To judge yourself less, cultivate mindfulness and gently dismantle the emotional baggage that often accompanies judgment.
Embracing those judgmental thoughts without self-criticism can be liberating. Acknowledge the existence of those thoughts, observing them without further judgment. Instead of thinking, “I am not good enough,” think, “I have a thought that I’m not good enough.” Reflect on whether your thoughts stem from a place of love or judgment, and let them go. Release judgment, continuously reminding yourself to act from a place of love and peace.
Another quote from Marianne Williamson resonates with me: “Who am I to be brilliant, gorgeous, talented, fabulous? Actually, who are you not to be??”
This self-judgment should not hinder you from becoming the person you aspire to be.

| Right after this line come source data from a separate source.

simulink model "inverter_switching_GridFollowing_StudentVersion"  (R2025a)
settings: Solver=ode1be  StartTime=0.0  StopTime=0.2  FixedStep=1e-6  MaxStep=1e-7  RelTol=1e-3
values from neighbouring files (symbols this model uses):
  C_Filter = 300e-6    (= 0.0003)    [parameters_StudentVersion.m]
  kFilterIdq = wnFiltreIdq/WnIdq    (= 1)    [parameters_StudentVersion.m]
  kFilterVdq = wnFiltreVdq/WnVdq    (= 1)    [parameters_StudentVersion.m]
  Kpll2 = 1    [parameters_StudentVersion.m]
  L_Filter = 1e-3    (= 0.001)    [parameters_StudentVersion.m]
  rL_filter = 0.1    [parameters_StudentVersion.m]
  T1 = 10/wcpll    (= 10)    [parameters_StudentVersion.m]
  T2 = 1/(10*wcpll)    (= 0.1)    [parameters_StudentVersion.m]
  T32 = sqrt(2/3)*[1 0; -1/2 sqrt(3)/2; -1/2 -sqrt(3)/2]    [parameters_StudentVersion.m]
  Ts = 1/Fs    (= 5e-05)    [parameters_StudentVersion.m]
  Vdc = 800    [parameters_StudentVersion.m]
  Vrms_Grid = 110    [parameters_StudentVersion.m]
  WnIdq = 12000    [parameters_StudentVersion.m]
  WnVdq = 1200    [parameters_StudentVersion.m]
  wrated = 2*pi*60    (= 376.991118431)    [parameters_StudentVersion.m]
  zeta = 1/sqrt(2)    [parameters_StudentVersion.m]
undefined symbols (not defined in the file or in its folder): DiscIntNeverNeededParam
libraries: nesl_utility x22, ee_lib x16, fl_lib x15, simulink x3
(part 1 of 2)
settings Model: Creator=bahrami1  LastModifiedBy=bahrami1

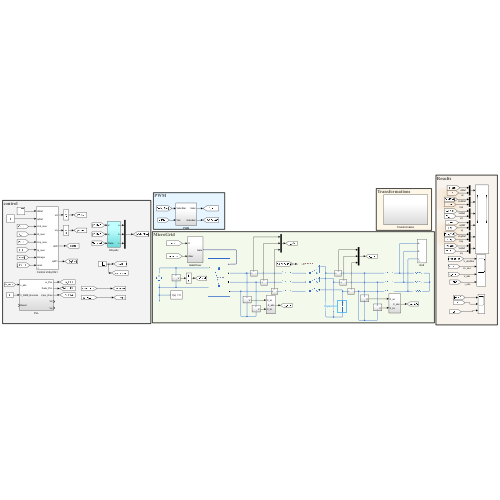
[thumbnail: Simulink's stored preview of the top-level diagram]
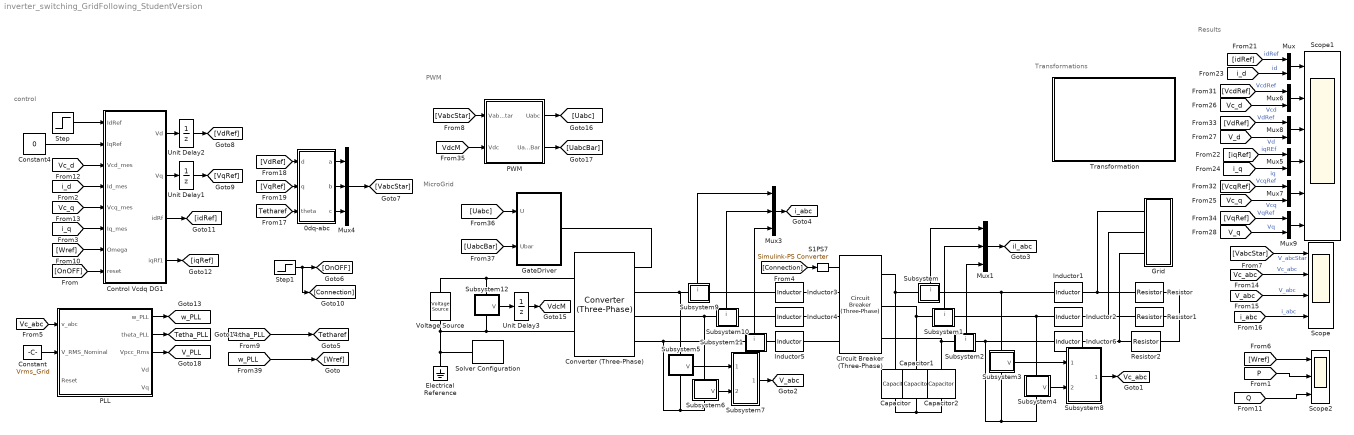
== system inverter_switching_GridFollowing_StudentVersion ==
  note: Transformations
  note: control
  note: MicroGrid
  note: Results
  note: PWM
  0dq-abc : Subsystem
  Capacitor : ee_lib/Passive/Capacitor  cap_option=ee.enum.passive.capacitor.capOption.const  c=10e-6 F  Cvec=[1e-05, 1e-06] F  Vvec=[0, 10] V  CV_table_symmetry=ee.enum.passive.capacitor.tableSymmetry.yes  f_vec=[1, 10] kHz  DFext_vec=[.8, 1.2]  enable_C_tol=ee.enum.toleranceApplication.none  averaging_period=0 s  C_tol=5  tol_distribution=ee.enum.toleranceDistribution.uniform  nSigma=4  r=0 Ohm  g=0 1/Ohm  enable_operating_limits=ee.enum.enable.no  operating_limit_action=ee.enum.passive.reportOpLim.warn  max_working_voltage_range=[-25, 25] V  power_rating=1 W  maxTemperature=85 degC  thermalEnable=false  thermalMass=1 J/K  i_specify=off  i_priority=None  i=0 A  i_nominal_specify=off  i_nominal_value=1  i_nominal_unit=A  v_specify=on  v_priority=None  v=Vrms_Grid*cos(0) V  v_nominal_specify=off  v_nominal_value=1  v_nominal_unit=V  vc_specify=on  vc_priority=High  vc=Vrms_Grid*cos(0) V  vc_nominal_specify=off  vc_nominal_value=1  vc_nominal_unit=V  T_specify=off  T_priority=None  T=298.15 K  T_nominal_specify=off  T_nominal_value=1  T_nominal_unit=K
  Capacitor1 : ee_lib/Passive/Capacitor  cap_option=ee.enum.passive.capacitor.capOption.const  c=10e-6 F  Cvec=[1e-05, 1e-06] F  Vvec=[0, 10] V  CV_table_symmetry=ee.enum.passive.capacitor.tableSymmetry.yes  f_vec=[1, 10] kHz  DFext_vec=[.8, 1.2]  enable_C_tol=ee.enum.toleranceApplication.none  averaging_period=0 s  C_tol=5  tol_distribution=ee.enum.toleranceDistribution.uniform  nSigma=4  r=0 Ohm  g=0 1/Ohm  enable_operating_limits=ee.enum.enable.no  operating_limit_action=ee.enum.passive.reportOpLim.warn  max_working_voltage_range=[-25, 25] V  power_rating=1 W  maxTemperature=85 degC  thermalEnable=false  thermalMass=1 J/K  i_specify=off  i_priority=None  i=0 A  i_nominal_specify=off  i_nominal_value=1  i_nominal_unit=A  v_specify=on  v_priority=None  v=Vrms_Grid*cos(-2*pi/3) V  v_nominal_specify=off  v_nominal_value=1  v_nominal_unit=V  vc_specify=on  vc_priority=High  vc=Vrms_Grid*cos(-2*pi/3) V  vc_nominal_specify=off  vc_nominal_value=1  vc_nominal_unit=V  T_specify=off  T_priority=None  T=298.15 K  T_nominal_specify=off  T_nominal_value=1  T_nominal_unit=K
  Capacitor2 : ee_lib/Passive/Capacitor  cap_option=ee.enum.passive.capacitor.capOption.const  c=10e-6 F  Cvec=[1e-05, 1e-06] F  Vvec=[0, 10] V  CV_table_symmetry=ee.enum.passive.capacitor.tableSymmetry.yes  f_vec=[1, 10] kHz  DFext_vec=[.8, 1.2]  enable_C_tol=ee.enum.toleranceApplication.none  averaging_period=0 s  C_tol=5  tol_distribution=ee.enum.toleranceDistribution.uniform  nSigma=4  r=0 Ohm  g=0 1/Ohm  enable_operating_limits=ee.enum.enable.no  operating_limit_action=ee.enum.passive.reportOpLim.warn  max_working_voltage_range=[-25, 25] V  power_rating=1 W  maxTemperature=85 degC  thermalEnable=false  thermalMass=1 J/K  i_specify=off  i_priority=None  i=0 A  i_nominal_specify=off  i_nominal_value=1  i_nominal_unit=A  v_specify=on  v_priority=None  v=Vrms_Grid*cos(+2*pi/3) V  v_nominal_specify=off  v_nominal_value=1  v_nominal_unit=V  vc_specify=on  vc_priority=High  vc=Vrms_Grid*cos(+2*pi/3) V  vc_nominal_specify=off  vc_nominal_value=1  vc_nominal_unit=V  T_specify=off  T_priority=None  T=298.15 K  T_nominal_specify=off  T_nominal_value=1  T_nominal_unit=K
  Circuit Breaker (Three-Phase) : ee_lib/Switches & Breakers/Circuit Breaker (Three-Phase)  R_closed=1e-9 Ohm  G_open=1e-12 1/Ohm  threshold=0.5 V  breaker_behavior=ee.enum.switches.breakerBehavior.zeroCrossingDisable
      settings: InternalSimscapePortConfiguration="{\"Bottom\":[],\"Left\":[{\"id\":\"vT\",\"label\":\"vT\",\"type\":\"input\"},{\"id\":\"a1\",\"label\":\"a1\",\"type\":\"foundation.electrical.electrical\"},{\"id\":\"b1\",\"label\":\"b1\",\"type\":\"foundation.electrical.electrical\"},{\"id\":\"c1\",\"label\":\"c1\",\"type\":\"foundation.electrical.electrical\"}],\"Right\":[{\"id\":\"a2\",\"label\":\"a2\",\"type\":\"foundation.electrical.electrical\"},{\"id\":\"b2\",\"label\":\"b2\",\"type\":\"foundation.electrical.electrical\"},{\"id\":\"c2\",\"label\":\"c2\",\"type\":\"foundation.electrical.electrical\"}],\"Top\":[]}"
  Constant : Constant  Value=Vrms_Grid
  Constant4 : Constant  Value=0
  Control Vcdq DG1 : Subsystem  mask{rL_DG=rL_filter, L_DG=L_Filter, C_DG=C_Filter, Wn_Idq=WnIdq, kFilter_Idq=kFilterIdq, IntegIdLimitNeg=-30000/L_Filter, IntegIdLimitPos=30000/L_Filter, IntegIqLimitNeg=-30000/L_Filter, IntegIqLimitPos=30000/L_Filter, Wn_Vdq=WnVdq, kFilter_Vdq=kFilterVdq, idRef_Min=-500, idRef_Max=500, iqRef_Min=-500, iqRef_Max=500}
      mask prompts: rL_DG "rl_DG :"; L_DG "L_DG :"; C_DG "C_DG :"; Wn_Idq "Wn_Idq :"; kFilter_Idq "kFilter_Idq :"; Wn_Vdq "Wn_Vdq :"; kFilter_Vdq "kFilter Vdq :"; idRef_Min "idRef_Min :"; idRef_Max "idRef_Max :"; iqRef_Min "iqRef_Min :"; iqRef_Max "iqRef_Max :"
      mask DialogControl ControlGroupParameters Prompt: Control
      mask DialogControl SaturationGroup Prompt: Saturation
  Converter (Three-Phase) : ee_lib/Semiconductors & Converters/Converters/Converter (Three-Phase)  port_option=ee.enum.threePhasePort.expanded  fidelity_option=ee.enum.converters.fidelity.detailed  device_type=ee.enum.converters.switchingdevice.averaged  showThermalPort=false  K=0  Vth=6 V  Vgt=1 V  Vgt_off=-1 V  Ih=1 A  Vf=0.8 V  Ron=0.001 Ohm  Rds=0.001 Ohm  Goff=1e-6 1/Ohm  Eon_scalar=22.86e-3 J  Eoff_scalar=17.14e-3 J  Eoff_natural_commutation=10e-3 J  Voff=300 V  Iout_scalar=600 A  onCurrentMeasDelay=0 s  useCurrentFromPreviousCycle=false  useVoltageFromPreviousCycle=false  diode_param=ee.enum.converters.protectiondiode.chargedynamics  diode_Vf=0.8 V  diode_Ron=0.001 Ohm  diode_Goff=1e-5 1/Ohm  diode_C=50 nF  diode_iRM=-235 A  diode_iF=300 A  diode_idot=-50 A/us  diode_trr_param=ee.enum.converters.diodetrr.trr_factor  diode_trr_factor=3  diode_trr=15 us  diode_Qrr=1500 s*uA  diode_rec_loss_model=ee.enum.diode.reverseRecoveryModel.fixed  diode_ErecVal=0 J  diode_scaleWithIandV=false  diode_ErecMat=zeros(2, 3) J  diode_TjrecVec=[298.15, 398.15] K  diode_IfrecVec=[.1, 1, 10] A  diode_IrecVal=10 A  diode_VrecVal=10 V  diode_tFilter=1 / 1000 / 100 s  thermal_network_parameterization=ee.enum.thermalNetworkTopology.external  Rth=[.08, .5] K/W  Rth_Cauer=[.08, .1, .5] K/W  Rth_Foster=[.08, .14, .22, .16] K/W  thermal_mass_parameterization=ee.enum.thermalNetwork.timeconstant  thermal_mass=[.01, .5] J/K  thermal_mass_Cauer=[.01, .1, .5] J/K  thermal_mass_Foster=[.001, .005, .05, .5] J/K  thermal_time_constant=[.001, .2] s  thermal_time_constant_Cauer=[.001, .1, .2] s  thermal_time_constant_Foster=[7e-05, .0007, .01, .08] s  thermal_mass_initial_temperatures=[25, 25] degC  thermal_mass_initial_temperatures_Cauer=[25, 25, 25] degC  junction_thermal_mass=0.01 J/K  Tvec_initial_Foster=[25, 25, 25, 25] degC  snubber_type=ee.enum.converters.snubber.exclude  Cs=1e-7 F  Rs=0.1 Ohm  Vce_loss=[0, 150, 300] V
      settings: InternalSimscapePortConfiguration="{\"Bottom\":[],\"Left\":[{\"id\":\"G\",\"label\":\"G\",\"type\":\"foundation.electrical.twelve_phase\"},{\"id\":\"a\",\"label\":\"a\",\"type\":\"foundation.electrical.electrical\"},{\"id\":\"b\",\"label\":\"b\",\"type\":\"foundation.electrical.electrical\"},{\"id\":\"c\",\"label\":\"c\",\"type\":\"foundation.electrical.electrical\"}],\"Right\":[{\"id\":\"p\",\"label\":\"+\",\"type\":\"foundation.electrical.electrical\"},{\"id\":\"n\",\"label\":\"-\",\"type\":\"foundation.electrical.electrical\"}],\"Top\":[]}"
  Electrical Reference : fl_lib/Electrical/Electrical Elements/Electrical Reference
  GateDriver : Subsystem
  Grid : Subsystem  mask{Vrms_Grid=Vrms_Grid, F_Grid=60, Phase_Grid=0}
      mask prompts: Vrms_Grid "Grid Voltage (RMS):"; F_Grid "Grid Frequency:"; Phase_Grid "Grid phase angle:"
  Inductor1 : ee_lib/Passive/Inductor  l=1e-3 H  enable_L_tol=ee.enum.toleranceApplication.none  L_tol=20  tol_distribution=ee.enum.toleranceDistribution.uniform  nSigma=4  r=0.5 Ohm  g=1e-9 1/Ohm  enable_operating_limits=ee.enum.enable.no  operating_limit_action=ee.enum.passive.reportOpLim.warn  max_working_current=1 A  power_rating=1 W  i_L_specify=off  i_L_priority=High  i_L=0 A  i_L_nominal_specify=off  i_L_nominal_value=1  i_L_nominal_unit=A
  Inductor2 : ee_lib/Passive/Inductor  l=1e-3 H  enable_L_tol=ee.enum.toleranceApplication.none  L_tol=20  tol_distribution=ee.enum.toleranceDistribution.uniform  nSigma=4  r=0.5 Ohm  g=1e-9 1/Ohm  enable_operating_limits=ee.enum.enable.no  operating_limit_action=ee.enum.passive.reportOpLim.warn  max_working_current=1 A  power_rating=1 W  i_L_specify=off  i_L_priority=High  i_L=0 A  i_L_nominal_specify=off  i_L_nominal_value=1  i_L_nominal_unit=A
  Inductor3 : ee_lib/Passive/Inductor  l=10e-3 H  enable_L_tol=ee.enum.toleranceApplication.none  L_tol=20  tol_distribution=ee.enum.toleranceDistribution.uniform  nSigma=4  r=0 Ohm  g=1e-9 1/Ohm  enable_operating_limits=ee.enum.enable.no  operating_limit_action=ee.enum.passive.reportOpLim.warn  max_working_current=1 A  power_rating=1 W  i_L_specify=off  i_L_priority=High  i_L=0 A  i_L_nominal_specify=off  i_L_nominal_value=1  i_L_nominal_unit=A
  Inductor4 : ee_lib/Passive/Inductor  l=10e-3 H  enable_L_tol=ee.enum.toleranceApplication.none  L_tol=20  tol_distribution=ee.enum.toleranceDistribution.uniform  nSigma=4  r=0 Ohm  g=1e-9 1/Ohm  enable_operating_limits=ee.enum.enable.no  operating_limit_action=ee.enum.passive.reportOpLim.warn  max_working_current=1 A  power_rating=1 W  i_L_specify=off  i_L_priority=High  i_L=0 A  i_L_nominal_specify=off  i_L_nominal_value=1  i_L_nominal_unit=A
  Inductor5 : ee_lib/Passive/Inductor  l=10e-3 H  enable_L_tol=ee.enum.toleranceApplication.none  L_tol=20  tol_distribution=ee.enum.toleranceDistribution.uniform  nSigma=4  r=0 Ohm  g=1e-9 1/Ohm  enable_operating_limits=ee.enum.enable.no  operating_limit_action=ee.enum.passive.reportOpLim.warn  max_working_current=1 A  power_rating=1 W  i_L_specify=off  i_L_priority=High  i_L=0 A  i_L_nominal_specify=off  i_L_nominal_value=1  i_L_nominal_unit=A
  Inductor6 : ee_lib/Passive/Inductor  l=1e-3 H  enable_L_tol=ee.enum.toleranceApplication.none  L_tol=20  tol_distribution=ee.enum.toleranceDistribution.uniform  nSigma=4  r=0.5 Ohm  g=1e-9 1/Ohm  enable_operating_limits=ee.enum.enable.no  operating_limit_action=ee.enum.passive.reportOpLim.warn  max_working_current=1 A  power_rating=1 W  i_L_specify=off  i_L_priority=High  i_L=0 A  i_L_nominal_specify=off  i_L_nominal_value=1  i_L_nominal_unit=A
  Mux{,5..9} (6 alike) : Mux  Inputs=2
  Mux1 : Mux  Inputs=3
  Mux3 : Mux  Inputs=3
  Mux4 : Mux  Inputs=3
  PLL : Subsystem
  PWM : Subsystem
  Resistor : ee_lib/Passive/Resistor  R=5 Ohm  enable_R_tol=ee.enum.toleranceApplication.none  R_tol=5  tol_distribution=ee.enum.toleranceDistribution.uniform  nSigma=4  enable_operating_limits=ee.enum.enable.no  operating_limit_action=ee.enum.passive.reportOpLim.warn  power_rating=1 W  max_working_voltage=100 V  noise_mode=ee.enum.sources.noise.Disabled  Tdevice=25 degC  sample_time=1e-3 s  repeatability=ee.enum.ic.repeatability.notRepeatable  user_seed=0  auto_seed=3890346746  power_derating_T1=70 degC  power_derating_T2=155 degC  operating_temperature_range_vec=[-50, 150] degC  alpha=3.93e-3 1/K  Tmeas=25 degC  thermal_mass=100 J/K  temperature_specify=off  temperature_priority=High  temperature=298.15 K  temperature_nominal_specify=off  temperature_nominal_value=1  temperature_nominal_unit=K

The journey toward self-discovery and acceptance can be long. Stop doubting yourself. While it’s important to strive for improvement, approach your growth with love and compassion instead of relentless scrutiny.
Release yourself from self-punishment. Understand that setbacks happen without reason. Making mistakes does not define your worth or capabilities. Instead, cultivate grace and positivity in your relationship with yourself. Allow your true self to shine, and you’ll inspire others to do the same.